/CAGNET

Primary LanguagePythonOtherNOASSERTION

CAGNET: Communication-Avoiding Graph Neural nETworks

Description

CAGNET is a family of parallel algorithms for training GNNs that can asymptotically reduce communication compared to previous parallel GNN training methods. CAGNET algorithms are based on 1D, 1.5D, 2D, and 3D sparse-dense matrix multiplication, and are implemented with torch.distributed on GPU-equipped clusters.
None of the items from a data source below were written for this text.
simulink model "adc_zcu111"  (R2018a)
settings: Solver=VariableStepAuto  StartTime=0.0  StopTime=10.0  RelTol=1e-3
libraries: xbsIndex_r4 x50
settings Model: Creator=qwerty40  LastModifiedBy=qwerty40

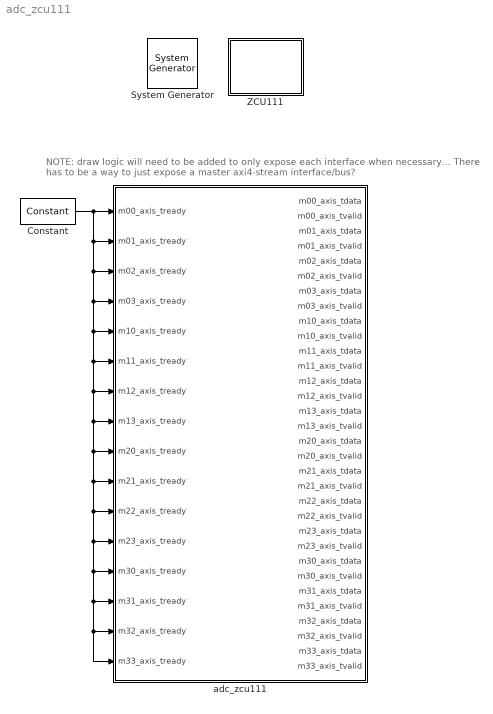
== system adc_zcu111 ==
  note: NOTE: draw logic will need to be added to only expose each interface when necessary...
      | There has to be a way to just expose a master axi4-stream interface/bus?
  " System Generator" : xbsIndex_r4/ System Generator  Tag=genX  xilinxfamily=zynquplusRFSOC  part=xczu28dr  speed=-2-e  package=ffvg1517  synthesis_tool=XST  clock_wrapper=Clock Enables  directory=/home/qwerty40/work_test/mlib_devel/xps_library/xps_models/ADCs/adc_zcu111/sysgen  proj_type=Vivado  Synth_file=Vivado Synthesis Defaults  Impl_file=Vivado Implementation Defaults  testbench=off  simulink_period=1  sysclk_period=10  dcm_input_clock_period=10  incr_netlist=off  trim_vbits=Everywhere in SubSystem  dbl_ovrd=According to Block Masks  core_generation=According to Block Masks  run_coregen=off  deprecated_control=off  eval_field=0  block_type=sysgen
  Constant : xbsIndex_r4/Constant  const=1.0  gui_display_data_type=Boolean  arith_type=Boolean  n_bits=16  bin_pt=14  preci_type=Single  exp_width=8  frac_width=24  explicit_period=off  period=1  equ=P=C  opselect=C  inp2=PCIN>>17  opr=+  inp1=P  carry=CIN  dbl_ovrd=off  block_type=constant
  ZCU111 : Subsystem  Tag=xps:xsg  mask(xsg core config){hw_sys=ZCU111:xczu28dr, clk_src=sys_clk, clk_rate=100, sample_period=1, synthesis_tool=XST}
      mask prompts: hw_sys "Hardware Platform"; clk_src "User IP Clock source"; clk_rate "User IP Clock Rate (MHz)"; sample_period "Sample Period"; synthesis_tool "Synthesis Tool:"
      mask help:
      | The XSG Core Config block is used to configure the System Generator design
      | for the casper_xps toolflow. Settings here are used to configure the
      | Xilinx System Generator block parameters automatically, and control toolflow
      | script  execution. It needs to be at the top level of all designs being compiled
      | with the casper_xps toolflow.
      mask init:
      | xps_xsg_zcu111_conf_mask;
      mask Help: eval('xlWeb([getenv(''MLIB_ROOT''), ''\doc\html\sys_xsg_core_config\sys_xsg_core_config.html''])')
      mask TypeOptions hw_sys: ZCU111:xczu28dr
      mask TypeOptions clk_src: sys_clk | adc_clk
      mask TypeOptions synthesis_tool: Leonardo Spectrum | Synplify | Synplify Pro | XST
      mask Display: fprintf(['ZCU111']);
  adc_zcu111 : Subsystem  Tag=xps:adc_zcu111  mask(adc_zcu111){tile_224_enable_pll=on, tile_224_sample_rate=4096, tile_224_clk_out=256.000, tile_224_ref_clk=512.000, tile_224_axi_stream_clk=0, tile_224_adc_0=on, tile_224_adc0_digital_output=I/Q, tile_224_adc0_dec_mode=2x, tile_224_adc0_sample_per_cycle=8, tile_224_adc0_req_axis_clk=0, tile_224_adc_1=on, tile_224_adc1_digital_output=I/Q, tile_224_adc1_dec_mode=2x, tile_224_adc1_sample_per_cycle=8, tile_224_adc1_req_axis_clk=0, tile_225_enable_pll=on, tile_225_sample_rate=4096, tile_225_clk_out=256.000, tile_225_ref_clk=512.000, tile_225_axi_stream_clk=0, tile_225_adc_0=on, tile_225_adc0_digital_output=I/Q, tile_225_adc0_dec_mode=2x, tile_225_adc0_sample_per_cycle=8, tile_225_adc0_req_axis_clk=0, tile_225_adc_1=on, tile_225_adc1_digital_output=I/Q, tile_225_adc1_dec_mode=2x, tile_225_adc1_sample_per_cycle=8, tile_225_adc1_req_axis_clk=0, tile_226_enable_pll=on, tile_226_sample_rate=4096, tile_226_clk_out=256.000, tile_226_ref_clk=512.000, tile_226_axi_stream_clk=0, tile_226_adc_0=on, tile_226_adc0_digital_output=I/Q, tile_226_adc0_dec_mode=2x, tile_226_adc0_sample_per_cycle=8, tile_226_adc0_req_axis_clk=0, tile_226_adc_1=on, tile_226_adc1_digital_output=I/Q, tile_226_adc1_dec_mode=2x, tile_226_adc1_sample_per_cycle=8, tile_226_adc1_req_axis_clk=0, tile_227_enable_pll=on, tile_227_sample_rate=4096, tile_227_clk_out=256.000, tile_227_ref_clk=512.000, tile_227_axi_stream_clk=0, tile_227_adc_0=on, tile_227_adc0_digital_output=I/Q, tile_227_adc0_dec_mode=2x, tile_227_adc0_sample_per_cycle=8, tile_227_adc0_req_axis_clk=0, tile_227_adc_1=on, tile_227_adc1_digital_output=I/Q, tile_227_adc1_dec_mode=2x, tile_227_adc1_sample_per_cycle=8, tile_227_adc1_req_axis_clk=0}
      mask prompts: tile_224_enable_pll "Enable PLL"; tile_224_sample_rate "Sampling Rate (MSPS)"; tile_224_clk_out "Clock Out (MHz)"; tile_224_ref_clk "Reference Clock (MHz)"; tile_224_axi_stream_clk "AXI4-Stream Clock (MHz)"; tile_224_adc_0 "Enable ADC"; tile_224_adc0_digital_output "Digital Output Data"; tile_224_adc0_dec_mode "Decimation Mode"; tile_224_adc0_sample_per_cycle "Samples per AXI4-Stream Cycle"; tile_224_adc_1 "Enable ADC"; tile_224_adc1_digital_output "Digital Output Data"; tile_224_adc1_dec_mode "Decimation Mode"; tile_224_adc1_sample_per_cycle "Samples per AXI4-Stream Cycle"; tile_225_enable_pll "Enable PLL"; tile_225_sample_rate "Sampling Rate (MSPS)"; tile_225_clk_out "Clock Out (MHz)"; tile_225_ref_clk "Reference Clock (MHz)"; tile_225_axi_stream_clk "AXI4-Stream Clock (MHz)"; tile_225_adc_0 "Enable ADC"; tile_225_adc0_digital_output "Digital Output Data"; tile_225_adc0_dec_mode "Decimation Mode"; tile_225_adc0_sample_per_cycle "Samples per AXI4-Stream Cycle"; tile_225_adc_1 "Enable ADC"; tile_225_adc1_digital_output "Digital Output Data"; tile_225_adc1_dec_mode "Decimation Mode"; tile_225_adc1_sample_per_cycle "Samples per AXI4-Stream Cycle"; tile_226_enable_pll "Enable PLL"; tile_226_sample_rate "Sampling Rate (MSPS)"; tile_226_clk_out "Clock Out (MHz)"; tile_226_ref_clk "Reference Clock (MHz)"; tile_226_axi_stream_clk "AXI4-Stream Clock (MHz)"; tile_226_adc_0 "Enable ADC"; tile_226_adc0_digital_output "Digital Output Data"; tile_226_adc0_dec_mode "Decimation Mode"; tile_226_adc0_sample_per_cycle "Samples per AXI4-Stream Cycle"; tile_226_adc_1 "Enable ADC"; tile_226_adc1_digital_output "Digital Output Data"; tile_226_adc1_dec_mode "Decimation Mode"; tile_226_adc1_sample_per_cycle "Samples per AXI4-Stream Cycle"; tile_227_enable_pll "Enable PLL"; tile_227_sample_rate "Sampling Rate (MSPS)"; tile_227_clk_out "Clock Out (MHz)"; tile_227_ref_clk "Reference Clock (MHz)"; tile_227_axi_stream_clk "AXI4-Stream Clock (MHz)"; tile_227_adc_0 "Enable ADC"; tile_227_adc0_digital_output "Digital Output Data"; tile_227_adc0_dec_mode "Decimation Mode"; tile_227_adc0_sample_per_cycle "Samples per AXI4-Stream Cycle"; tile_227_adc_1 "Enable ADC"; tile_227_adc1_digital_output "Digital Output Data"; tile_227_adc1_dec_mode "Decimation Mode"; tile_227_adc1_sample_per_cycle "Samples per AXI4-Stream Cycle"
      mask init:
      | %adc_zcu111_mask;
      mask Help: eval('xlWeb([getenv(''MLIB_ROOT''), ''\doc\html\adc_zcu111\adc_zcu111.html''])')
      mask TypeOptions tile_224_clk_out: 32.000 | 64.000 | 128.000 | 256.000
      mask TypeOptions tile_224_ref_clk: 103.261 | 104.136 | 105.026 | 105.931 | 106.852 | 107.790 | 108.743 | 109.714 | 110.703 | 111.709 | 112.734 | 113.778 | 114.841 | 115.925 | 117.029 | 118.154 | 119.301 | 120.471 | 121.663 | 122.880 | 124.121 | 125.388 | 126.680 | 128.000 | 129.347 | 130.723 | 132.129 | 133.565 | 135.033 | 136.533 | 138.067 | 139.636 | 141.241 | 142.884 | 144.565 | 146.286 | 148.048 | 149.854 | 151.704 | 153.600 | 155.544 | 157.539 | 159.584 | 161.684 | 163.840 | 166.054 | 168.329 | 170.667 | 173.070 | 175.543 | 178.087 | 180.706 | 183.403 | 186.182 | 189.046 | 192.000 | 195.048 | 198.194 | 201.443 | 204.800 | 208.271 | 211.862 | 215.579 | 219.429 | 223.418 | 227.556 | 231.849 | 236.308 | 240.941 | 245.760 | 250.776 | 256.000 | 261.447 | 267.130 | 273.067 | 279.273 | 285.767 | 292.571 | 299.707 | 307.200 | 315.077 | 323.368 | 332.108 | 341.333 | 351.086 | 361.412 | 372.364 | 384.000 | 396.387 | 409.600 | 423.724 | 438.857 | 455.111 | 472.615 | 491.520 | 512.000 | 534.261 | 558.546 | 585.143 | 614.400 | 646.737 | 682.667 | 722.824 | 768.000
      mask TypeOptions tile_224_adc0_digital_output: I/Q | Real
      mask TypeOptions tile_224_adc0_dec_mode: 1x | 2x | 4x | 8x
      mask TypeOptions tile_224_adc0_sample_per_cycle: 1 | 2 | 3 | 4 | 5 | 6 | 7 | 8
      mask TypeOptions tile_224_adc1_digital_output: I/Q | Real
      mask TypeOptions tile_224_adc1_dec_mode: 1x | 2x | 4x | 8x
      mask TypeOptions tile_224_adc1_sample_per_cycle: 1 | 2 | 3 | 4 | 5 | 6 | 7 | 8
      mask TypeOptions tile_225_clk_out: 32.000 | 64.000 | 128.000 | 256.000
      mask TypeOptions tile_225_ref_clk: 103.261 | 104.136 | 105.026 | 105.931 | 106.852 | 107.790 | 108.743 | 109.714 | 110.703 | 111.709 | 112.734 | 113.778 | 114.841 | 115.925 | 117.029 | 118.154 | 119.301 | 120.471 | 121.663 | 122.880 | 124.121 | 125.388 | 126.680 | 128.000 | 129.347 | 130.723 | 132.129 | 133.565 | 135.033 | 136.533 | 138.067 | 139.636 | 141.241 | 142.884 | 144.565 | 146.286 | 148.048 | 149.854 | 151.704 | 153.600 | 155.544 | 157.539 | 159.584 | 161.684 | 163.840 | 166.054 | 168.329 | 170.667 | 173.070 | 175.543 | 178.087 | 180.706 | 183.403 | 186.182 | 189.046 | 192.000 | 195.048 | 198.194 | 201.443 | 204.800 | 208.271 | 211.862 | 215.579 | 219.429 | 223.418 | 227.556 | 231.849 | 236.308 | 240.941 | 245.760 | 250.776 | 256.000 | 261.447 | 267.130 | 273.067 | 279.273 | 285.767 | 292.571 | 299.707 | 307.200 | 315.077 | 323.368 | 332.108 | 341.333 | 351.086 | 361.412 | 372.364 | 384.000 | 396.387 | 409.600 | 423.724 | 438.857 | 455.111 | 472.615 | 491.520 | 512.000 | 534.261 | 558.546 | 585.143 | 614.400 | 646.737 | 682.667 | 722.824 | 768.000
      mask TypeOptions tile_225_adc0_digital_output: I/Q | Real
      mask TypeOptions tile_225_adc0_dec_mode: 1x | 2x | 4x | 8x
      mask TypeOptions tile_225_adc0_sample_per_cycle: 1 | 2 | 3 | 4 | 5 | 6 | 7 | 8
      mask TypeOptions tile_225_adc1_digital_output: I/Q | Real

We also implement these parallel algorithms on a 2-layer GCN.

For more information, please read our ACM/IEEE SC'20 paper Reducing Communication in Graph Neural Network Training.

Contact: Alok Tripathy (alokt@berkeley.edu)

Dependencies

  • Python 3.6.10
  • PyTorch 1.3.1
  • PyTorch Geometric (PyG) 1.3.2
  • CUDA 10.1.168
  • GCC 6.4.0

On OLCF Summit, all of these dependencies can be accessed with the following

module load cuda # CUDA 10.1
module load gcc # GCC 6.4.0
module load ibm-wml-ce/1.7.0-3 # PyTorch 1.3.1, Python 3.6.10

# PyG and its dependencies
conda create --name gnn --clone ibm-wml-ce-1.7.0-3
conda activate gnn
pip install --no-cache-dir torch-scatter==1.4.0
pip install --no-cache-dir torch-sparse==0.4.3
pip install --no-cache-dir torch-cluster==1.4.5
pip install --no-cache-dir torch-geometric==1.3.2

Compiling

This code uses C++ extensions. To compile these, run

cd sparse-extension
python setup.py install

Documentation

Each algorithm in CAGNET is implemented in a separate file.

  • gcn_distr.py : 1D algorithm
  • gcn_distr_15d.py : 1.5D algorithm
  • gcn_distr_2d.py : 2D algorithm
  • gcn_distr_3d.py : 3D algorithm

Each file also as the following flags:

  • --accperrank <int> : Number of GPUs on each node
  • --epochs <int> : Number of epochs to run training
  • --graphname <Reddit/Amazon/subgraph3> : Graph dataset to run training on
  • --timing <True/False> : Enable timing barriers to time phases in training
  • --midlayer <int> : Number of activations in the hidden layer
  • --runcount <int> : Number of times to run training
  • --normalization <True/False> : Normalize adjacency matrix in preprocessing
  • --activations <True/False> : Enable activation functions between layers
  • --accuracy <True/False> : Compute and print accuracy metrics (Reddit only)
  • --replication <int> : Replication factor (1.5D algorithm only)
  • --download <True/False> : Download the Reddit dataset

Some of these flags do not currently exist for the 3D algorithm.

Amazon/Protein datasets must exist as COO files in ../data/<graphname>/processed/, compressed with pickle. For Reddit, PyG handles downloading and accessing the dataset (see below).

Running on OLCF Summit (example)

To run the CAGNET 1.5D algorithm on Reddit with

  • 16 processes
  • 100 epochs
  • 16 hidden layer activations
  • 2-factor replication

run the following command to download the Reddit dataset:

python gcn_distr_15d.py --graphname=Reddit --download=True

This will download Reddit into ../data. After downloading the Reddit dataset, run the following command to run training

ddlrun -x WORLD_SIZE=16 -x MASTER_ADDR=$(echo $LSB_MCPU_HOSTS | cut -d " " -f 3) -x MASTER_PORT=1234 -accelerators 6 python gcn_distr_15d.py --accperrank=6 --epochs=100 --graphname=Reddit --timing=False --midlayer=16 --runcount=1 --replication=2

Citation

To cite CAGNET, please refer to:

Alok Tripathy, Katherine Yelick, Aydın Buluç. Reducing Communication in Graph Neural Network Training. Proceedings of the International Conference for High Performance Computing, Networking, Storage, and Analysis (SC’20), 2020.